Forza Horizon 4 is a joy machine—a celebration of motion that pays equal attention to both the cars doing the moving and the world they’re moving through. Its rendition of the British countryside, movingly discussed here in this article over on Waypoint, is filled with effervescent life. For nearly three months now, I’ve kept coming back—and every time I’ve tried to put my feelings for this game into words, they’ve failed. Until last night, as I raced through flare-lit checkpoints on an autumn night, under a sky both cloudy and pinpricked with stars.
I’ve you’ve been around me in the latter half of this year, you’ll be familiar with how much I miss Ithaca, my home for the past four years. And while Forza’s countryside is not quite that strange, inexplicably beautiful zone in the frozen wasteland that is upstate New York, its sensation of racing through an inexplicably beautiful environment made me miss it all a little bit less. Or, in another sense, it made me feel that maybe I’m not along in missing that particular kind of beauty—that maybe this game was an attempt to recreate it as well, and one that succeeded beyond my wildest expectations.
If you have a minute, give this song a listen. It’s my favorite from the game’s long and excellent soundtrack, and it might give you a sense of what I’m talking about.
1. Celeste
Celeste was one of the first games I played this year, and, in that sense, it had the hardest mountain to climb. Every game I played this year was measured against this little pixel art indie platformer—against the forty hours I spent scaling its titular peak and the 13,000 deaths I experienced along the way. And in the end, it won out—both as a tough-as-nails platformer that epitomizes everything I love about the genre, and as a moving narrative about mental health, self-care, and recovery.

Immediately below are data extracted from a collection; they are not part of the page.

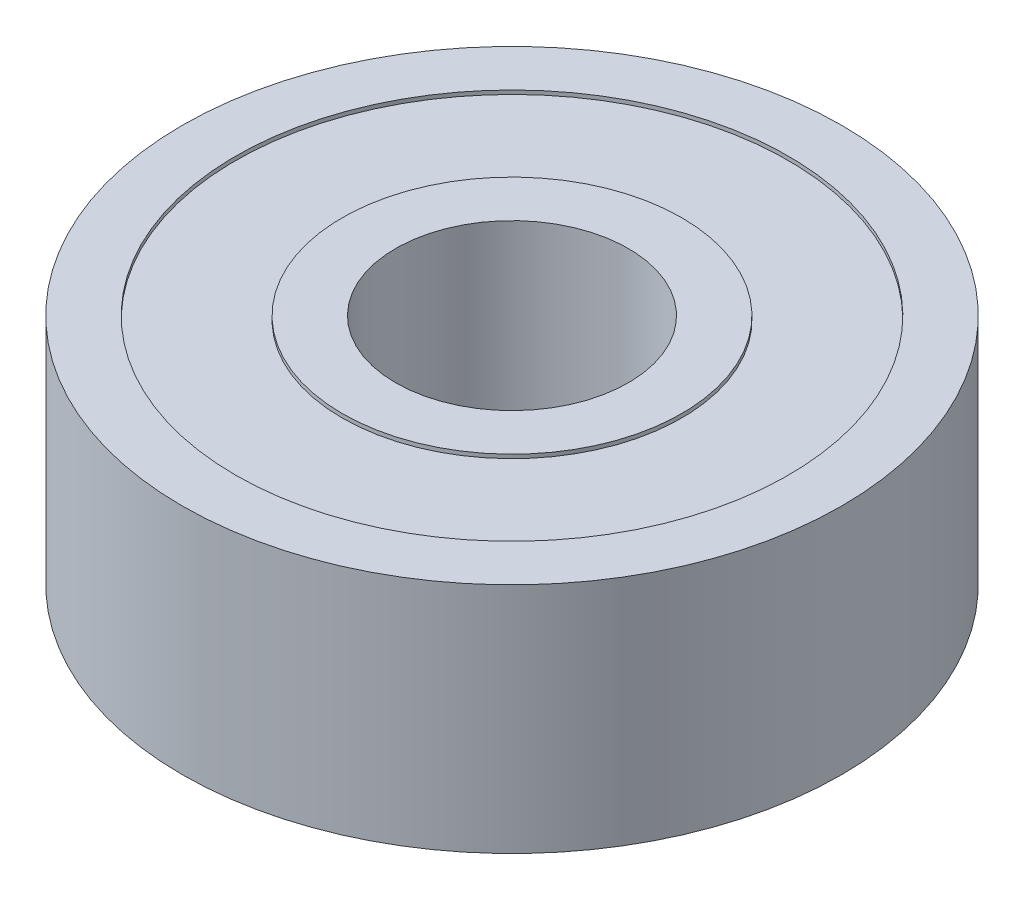
ISO-10303-21;
HEADER;
FILE_DESCRIPTION(('STEP AP214'),'2;1');
FILE_NAME('part.step','',(''),(''),'','','');
FILE_SCHEMA(('AUTOMOTIVE_DESIGN { 1 0 10303 214 1 1 1 1 }'));
ENDSEC;
DATA;
#1=APPLICATION_CONTEXT('core data for automotive mechanical design processes');
#2=APPLICATION_PROTOCOL_DEFINITION('international standard','automotive_design',2000,#1);
#3=PRODUCT_CONTEXT('',#1,'mechanical');
#4=PRODUCT('Part','Part','',(#3));
#5=PRODUCT_RELATED_PRODUCT_CATEGORY('part','',(#4));
#6=PRODUCT_DEFINITION_FORMATION('','',#4);
#7=PRODUCT_DEFINITION_CONTEXT('part definition',#1,'design');
#8=PRODUCT_DEFINITION('design','',#6,#7);
#9=PRODUCT_DEFINITION_SHAPE('','',#8);
#10=(LENGTH_UNIT() NAMED_UNIT(*) SI_UNIT(.MILLI.,.METRE.));
#11=(NAMED_UNIT(*) PLANE_ANGLE_UNIT() SI_UNIT($,.RADIAN.));
#12=(NAMED_UNIT(*) SI_UNIT($,.STERADIAN.) SOLID_ANGLE_UNIT());
#13=UNCERTAINTY_MEASURE_WITH_UNIT(LENGTH_MEASURE(1.E-05),#10,'distance_accuracy_value','');
#14=(GEOMETRIC_REPRESENTATION_CONTEXT(3) GLOBAL_UNCERTAINTY_ASSIGNED_CONTEXT((#13)) GLOBAL_UNIT_ASSIGNED_CONTEXT((#10,
#11,#12)) REPRESENTATION_CONTEXT('',''));
#15=CARTESIAN_POINT('',(0.,0.,0.));
#16=DIRECTION('',(0.,0.,1.));
#17=DIRECTION('',(1.,0.,0.));
#18=AXIS2_PLACEMENT_3D('',#15,#16,#17);
#19=CARTESIAN_POINT('',(0.,0.,0.));
#20=DIRECTION('',(0.,1.,0.));
#21=DIRECTION('',(0.,0.,1.));
#22=AXIS2_PLACEMENT_3D('',#19,#20,#21);
#23=PLANE('',#22);
#24=CARTESIAN_POINT('',(0.,0.,0.));
#25=DIRECTION('',(0.,1.,0.));
#26=DIRECTION('',(0.,0.,1.));
#27=AXIS2_PLACEMENT_3D('',#24,#25,#26);
#28=CIRCLE('',#27,3.);
#29=CARTESIAN_POINT('',(0.,0.,3.));
#30=VERTEX_POINT('',#29);
#31=EDGE_CURVE('E46',#30,#30,#28,.T.);
#32=ORIENTED_EDGE('',*,*,#31,.T.);
#33=EDGE_LOOP('',(#32));
#34=FACE_BOUND('',#33,.T.);
#35=CARTESIAN_POINT('',(0.,0.,0.));
#36=DIRECTION('',(0.,-1.,0.));
#37=DIRECTION('',(0.,0.,-1.));
#38=AXIS2_PLACEMENT_3D('',#35,#36,#37);
#39=CIRCLE('',#38,4.375);
#40=CARTESIAN_POINT('',(0.,0.,-4.375));
#41=VERTEX_POINT('',#40);
#42=EDGE_CURVE('E70',#41,#41,#39,.T.);
#43=ORIENTED_EDGE('',*,*,#42,.T.);
#44=EDGE_LOOP('',(#43));
#45=FACE_BOUND('',#44,.T.);
#46=ADVANCED_FACE('F33',(#34,#45),#23,.F.);
#47=CARTESIAN_POINT('',(0.,6.,0.));
#48=DIRECTION('',(0.,1.,0.));
#49=DIRECTION('',(0.,0.,1.));
#50=AXIS2_PLACEMENT_3D('',#47,#48,#49);
#51=PLANE('',#50);
#52=CARTESIAN_POINT('',(0.,6.,0.));
#53=DIRECTION('',(0.,1.,0.));
#54=DIRECTION('',(0.,0.,1.));
#55=AXIS2_PLACEMENT_3D('',#52,#53,#54);
#56=CIRCLE('',#55,3.);
#57=CARTESIAN_POINT('',(0.,6.,3.));
#58=VERTEX_POINT('',#57);
#59=EDGE_CURVE('E44',#58,#58,#56,.T.);
#60=ORIENTED_EDGE('',*,*,#59,.F.);
#61=EDGE_LOOP('',(#60));
#62=FACE_BOUND('',#61,.T.);
#63=CARTESIAN_POINT('',(0.,6.,0.));
#64=DIRECTION('',(0.,1.,0.));
#65=DIRECTION('',(0.,0.,1.));
#66=AXIS2_PLACEMENT_3D('',#63,#64,#65);
#67=CIRCLE('',#66,4.375);
#68=CARTESIAN_POINT('',(0.,6.,4.375));
#69=VERTEX_POINT('',#68);
#70=EDGE_CURVE('E58',#69,#69,#67,.T.);
#71=ORIENTED_EDGE('',*,*,#70,.T.);
#72=EDGE_LOOP('',(#71));
#73=FACE_BOUND('',#72,.T.);
#74=ADVANCED_FACE('F108',(#62,#73),#51,.T.);
#75=CARTESIAN_POINT('',(0.,6.,0.));
#76=DIRECTION('',(0.,1.,0.));
#77=DIRECTION('',(0.,0.,1.));
#78=AXIS2_PLACEMENT_3D('',#75,#76,#77);
#79=CIRCLE('',#78,7.125);
#80=CARTESIAN_POINT('',(0.,6.,7.125));
#81=VERTEX_POINT('',#80);
#82=EDGE_CURVE('E52',#81,#81,#79,.T.);
#83=ORIENTED_EDGE('',*,*,#82,.F.);
#84=EDGE_LOOP('',(#83));
#85=FACE_BOUND('',#84,.T.);
#86=CARTESIAN_POINT('',(0.,6.,0.));
#87=DIRECTION('',(0.,1.,0.));
#88=DIRECTION('',(0.,0.,1.));
#89=AXIS2_PLACEMENT_3D('',#86,#87,#88);
#90=CIRCLE('',#89,8.5);
#91=CARTESIAN_POINT('',(0.,6.,8.5));
#92=VERTEX_POINT('',#91);
#93=EDGE_CURVE('E10',#92,#92,#90,.T.);
#94=ORIENTED_EDGE('',*,*,#93,.T.);
#95=EDGE_LOOP('',(#94));
#96=FACE_BOUND('',#95,.T.);
#97=ADVANCED_FACE('F95',(#85,#96),#51,.T.);
#98=CARTESIAN_POINT('',(0.,0.,0.));
#99=DIRECTION('',(0.,-1.,0.));
#100=DIRECTION('',(0.,0.,-1.));
#101=AXIS2_PLACEMENT_3D('',#98,#99,#100);
#102=CIRCLE('',#101,7.125);
#103=CARTESIAN_POINT('',(0.,0.,-7.125));
#104=VERTEX_POINT('',#103);
#105=EDGE_CURVE('E64',#104,#104,#102,.T.);
#106=ORIENTED_EDGE('',*,*,#105,.F.);
#107=EDGE_LOOP('',(#106));
#108=FACE_BOUND('',#107,.T.);
#109=CARTESIAN_POINT('',(0.,0.,0.));
#110=DIRECTION('',(0.,1.,0.));
#111=DIRECTION('',(0.,0.,1.));
#112=AXIS2_PLACEMENT_3D('',#109,#110,#111);
#113=CIRCLE('',#112,8.5);
#114=CARTESIAN_POINT('',(0.,0.,8.5));
#115=VERTEX_POINT('',#114);
#116=EDGE_CURVE('E37',#115,#115,#113,.T.);
#117=ORIENTED_EDGE('',*,*,#116,.F.);
#118=EDGE_LOOP('',(#117));
#119=FACE_BOUND('',#118,.T.);
#120=ADVANCED_FACE('F92',(#108,#119),#23,.F.);
#121=CARTESIAN_POINT('',(0.,6.,0.));
#122=DIRECTION('',(0.,-1.,0.));
#123=DIRECTION('',(0.,0.,-1.));
#124=AXIS2_PLACEMENT_3D('',#121,#122,#123);
#125=CYLINDRICAL_SURFACE('',#124,8.5);
#126=ORIENTED_EDGE('',*,*,#93,.F.);
#127=EDGE_LOOP('',(#126));
#128=FACE_BOUND('',#127,.T.);
#129=ORIENTED_EDGE('',*,*,#116,.T.);
#130=EDGE_LOOP('',(#129));
#131=FACE_BOUND('',#130,.T.);
#132=ADVANCED_FACE('F35',(#128,#131),#125,.T.);
#133=CARTESIAN_POINT('',(0.,6.,0.));
#134=DIRECTION('',(0.,-1.,0.));
#135=DIRECTION('',(0.,0.,-1.));
#136=AXIS2_PLACEMENT_3D('',#133,#134,#135);
#137=CYLINDRICAL_SURFACE('',#136,3.);
#138=ORIENTED_EDGE('',*,*,#59,.T.);
#139=EDGE_LOOP('',(#138));
#140=FACE_BOUND('',#139,.T.);
#141=ORIENTED_EDGE('',*,*,#31,.F.);
#142=EDGE_LOOP('',(#141));
#143=FACE_BOUND('',#142,.T.);
#144=ADVANCED_FACE('F99',(#140,#143),#137,.F.);
#145=CARTESIAN_POINT('',(0.,5.9,0.));
#146=DIRECTION('',(0.,1.,0.));
#147=DIRECTION('',(0.,0.,1.));
#148=AXIS2_PLACEMENT_3D('',#145,#146,#147);
#149=CYLINDRICAL_SURFACE('',#148,7.125);
#150=CARTESIAN_POINT('',(0.,5.9,0.));
#151=DIRECTION('',(0.,1.,0.));
#152=DIRECTION('',(0.,0.,1.));
#153=AXIS2_PLACEMENT_3D('',#150,#151,#152);
#154=CIRCLE('',#153,7.125);
#155=CARTESIAN_POINT('',(0.,5.9,7.125));
#156=VERTEX_POINT('',#155);
#157=EDGE_CURVE('E49',#156,#156,#154,.T.);
#158=ORIENTED_EDGE('',*,*,#157,.F.);
#159=EDGE_LOOP('',(#158));
#160=FACE_BOUND('',#159,.T.);
#161=ORIENTED_EDGE('',*,*,#82,.T.);
#162=EDGE_LOOP('',(#161));
#163=FACE_BOUND('',#162,.T.);
#164=ADVANCED_FACE('F104',(#160,#163),#149,.F.);
#165=CARTESIAN_POINT('',(0.,5.9,0.));
#166=DIRECTION('',(0.,1.,0.));
#167=DIRECTION('',(0.,0.,1.));
#168=AXIS2_PLACEMENT_3D('',#165,#166,#167);
#169=PLANE('',#168);
#170=CARTESIAN_POINT('',(0.,5.9,0.));
#171=DIRECTION('',(0.,1.,0.));
#172=DIRECTION('',(0.,0.,1.));
#173=AXIS2_PLACEMENT_3D('',#170,#171,#172);
#174=CIRCLE('',#173,4.375);
#175=CARTESIAN_POINT('',(0.,5.9,4.375));
#176=VERTEX_POINT('',#175);
#177=EDGE_CURVE('E55',#176,#176,#174,.T.);
#178=ORIENTED_EDGE('',*,*,#177,.F.);
#179=EDGE_LOOP('',(#178));
#180=FACE_BOUND('',#179,.T.);
#181=ORIENTED_EDGE('',*,*,#157,.T.);
#182=EDGE_LOOP('',(#181));
#183=FACE_BOUND('',#182,.T.);
#184=ADVANCED_FACE('F121',(#180,#183),#169,.T.);
#185=CARTESIAN_POINT('',(0.,5.9,0.));
#186=DIRECTION('',(0.,1.,0.));
#187=DIRECTION('',(0.,0.,1.));
#188=AXIS2_PLACEMENT_3D('',#185,#186,#187);
#189=CYLINDRICAL_SURFACE('',#188,4.375);
#190=ORIENTED_EDGE('',*,*,#177,.T.);
#191=EDGE_LOOP('',(#190));
#192=FACE_BOUND('',#191,.T.);
#193=ORIENTED_EDGE('',*,*,#70,.F.);
#194=EDGE_LOOP('',(#193));
#195=FACE_BOUND('',#194,.T.);
#196=ADVANCED_FACE('F88',(#192,#195),#189,.T.);
#197=CARTESIAN_POINT('',(0.,0.1,0.));
#198=DIRECTION('',(0.,-1.,0.));
#199=DIRECTION('',(0.,0.,-1.));
#200=AXIS2_PLACEMENT_3D('',#197,#198,#199);
#201=CYLINDRICAL_SURFACE('',#200,7.125);
#202=CARTESIAN_POINT('',(0.,0.1,0.));
#203=DIRECTION('',(0.,-1.,0.));
#204=DIRECTION('',(0.,0.,-1.));
#205=AXIS2_PLACEMENT_3D('',#202,#203,#204);
#206=CIRCLE('',#205,7.125);
#207=CARTESIAN_POINT('',(0.,0.1,-7.125));
#208=VERTEX_POINT('',#207);
#209=EDGE_CURVE('E61',#208,#208,#206,.T.);
#210=ORIENTED_EDGE('',*,*,#209,.F.);
#211=EDGE_LOOP('',(#210));
#212=FACE_BOUND('',#211,.T.);
#213=ORIENTED_EDGE('',*,*,#105,.T.);
#214=EDGE_LOOP('',(#213));
#215=FACE_BOUND('',#214,.T.);
#216=ADVANCED_FACE('F82',(#212,#215),#201,.F.);
#217=CARTESIAN_POINT('',(0.,0.1,0.));
#218=DIRECTION('',(0.,-1.,0.));
#219=DIRECTION('',(0.,0.,-1.));
#220=AXIS2_PLACEMENT_3D('',#217,#218,#219);
#221=PLANE('',#220);
#222=CARTESIAN_POINT('',(0.,0.1,0.));
#223=DIRECTION('',(0.,-1.,0.));
#224=DIRECTION('',(0.,0.,-1.));
#225=AXIS2_PLACEMENT_3D('',#222,#223,#224);
#226=CIRCLE('',#225,4.375);
#227=CARTESIAN_POINT('',(0.,0.1,-4.375));
#228=VERTEX_POINT('',#227);
#229=EDGE_CURVE('E67',#228,#228,#226,.T.);
#230=ORIENTED_EDGE('',*,*,#229,.F.);
#231=EDGE_LOOP('',(#230));
#232=FACE_BOUND('',#231,.T.);
#233=ORIENTED_EDGE('',*,*,#209,.T.);
#234=EDGE_LOOP('',(#233));
#235=FACE_BOUND('',#234,.T.);
#236=ADVANCED_FACE('F79',(#232,#235),#221,.T.);
#237=CARTESIAN_POINT('',(0.,0.1,0.));
#238=DIRECTION('',(0.,-1.,0.));
#239=DIRECTION('',(0.,0.,-1.));
#240=AXIS2_PLACEMENT_3D('',#237,#238,#239);
#241=CYLINDRICAL_SURFACE('',#240,4.375);
#242=ORIENTED_EDGE('',*,*,#229,.T.);
#243=EDGE_LOOP('',(#242));
#244=FACE_BOUND('',#243,.T.);
#245=ORIENTED_EDGE('',*,*,#42,.F.);
#246=EDGE_LOOP('',(#245));
#247=FACE_BOUND('',#246,.T.);
#248=ADVANCED_FACE('F76',(#244,#247),#241,.T.);
#249=CLOSED_SHELL('',(#46,#74,#97,#120,#132,#144,#164,#184,#196,#216,#236,#248));
#250=MANIFOLD_SOLID_BREP('B2',#249);
#251=ADVANCED_BREP_SHAPE_REPRESENTATION('',(#18,#250),#14);
#252=SHAPE_DEFINITION_REPRESENTATION(#9,#251);
ENDSEC;
END-ISO-10303-21;

In case you haven’t heard, Celeste is about a girl trying to climb a mountain. She wants to do this because—well, it’s a long story, but it involves a lot of anxiety and depression and things that game is much better suited to tell you about than I am. But in a year where I wrote about my own experience with games and mental illness, Celeste provided both a welcome feeling of companionship and an experience that I could master while dealing with some failures of my own. As a game, it is singularly excellent—the time I spent in its B and C-sides convinced me of that—but as a narrative it is something rare in games: a work that takes on its subject matter with respect and nuance, carefully weaves it into some surprisingly fitting mechanics, and accompanies it with some of the best art and music in the medium. Celeste is a masterpiece of both mechanical and narrative design. Beyond that, there’s nothing left to say.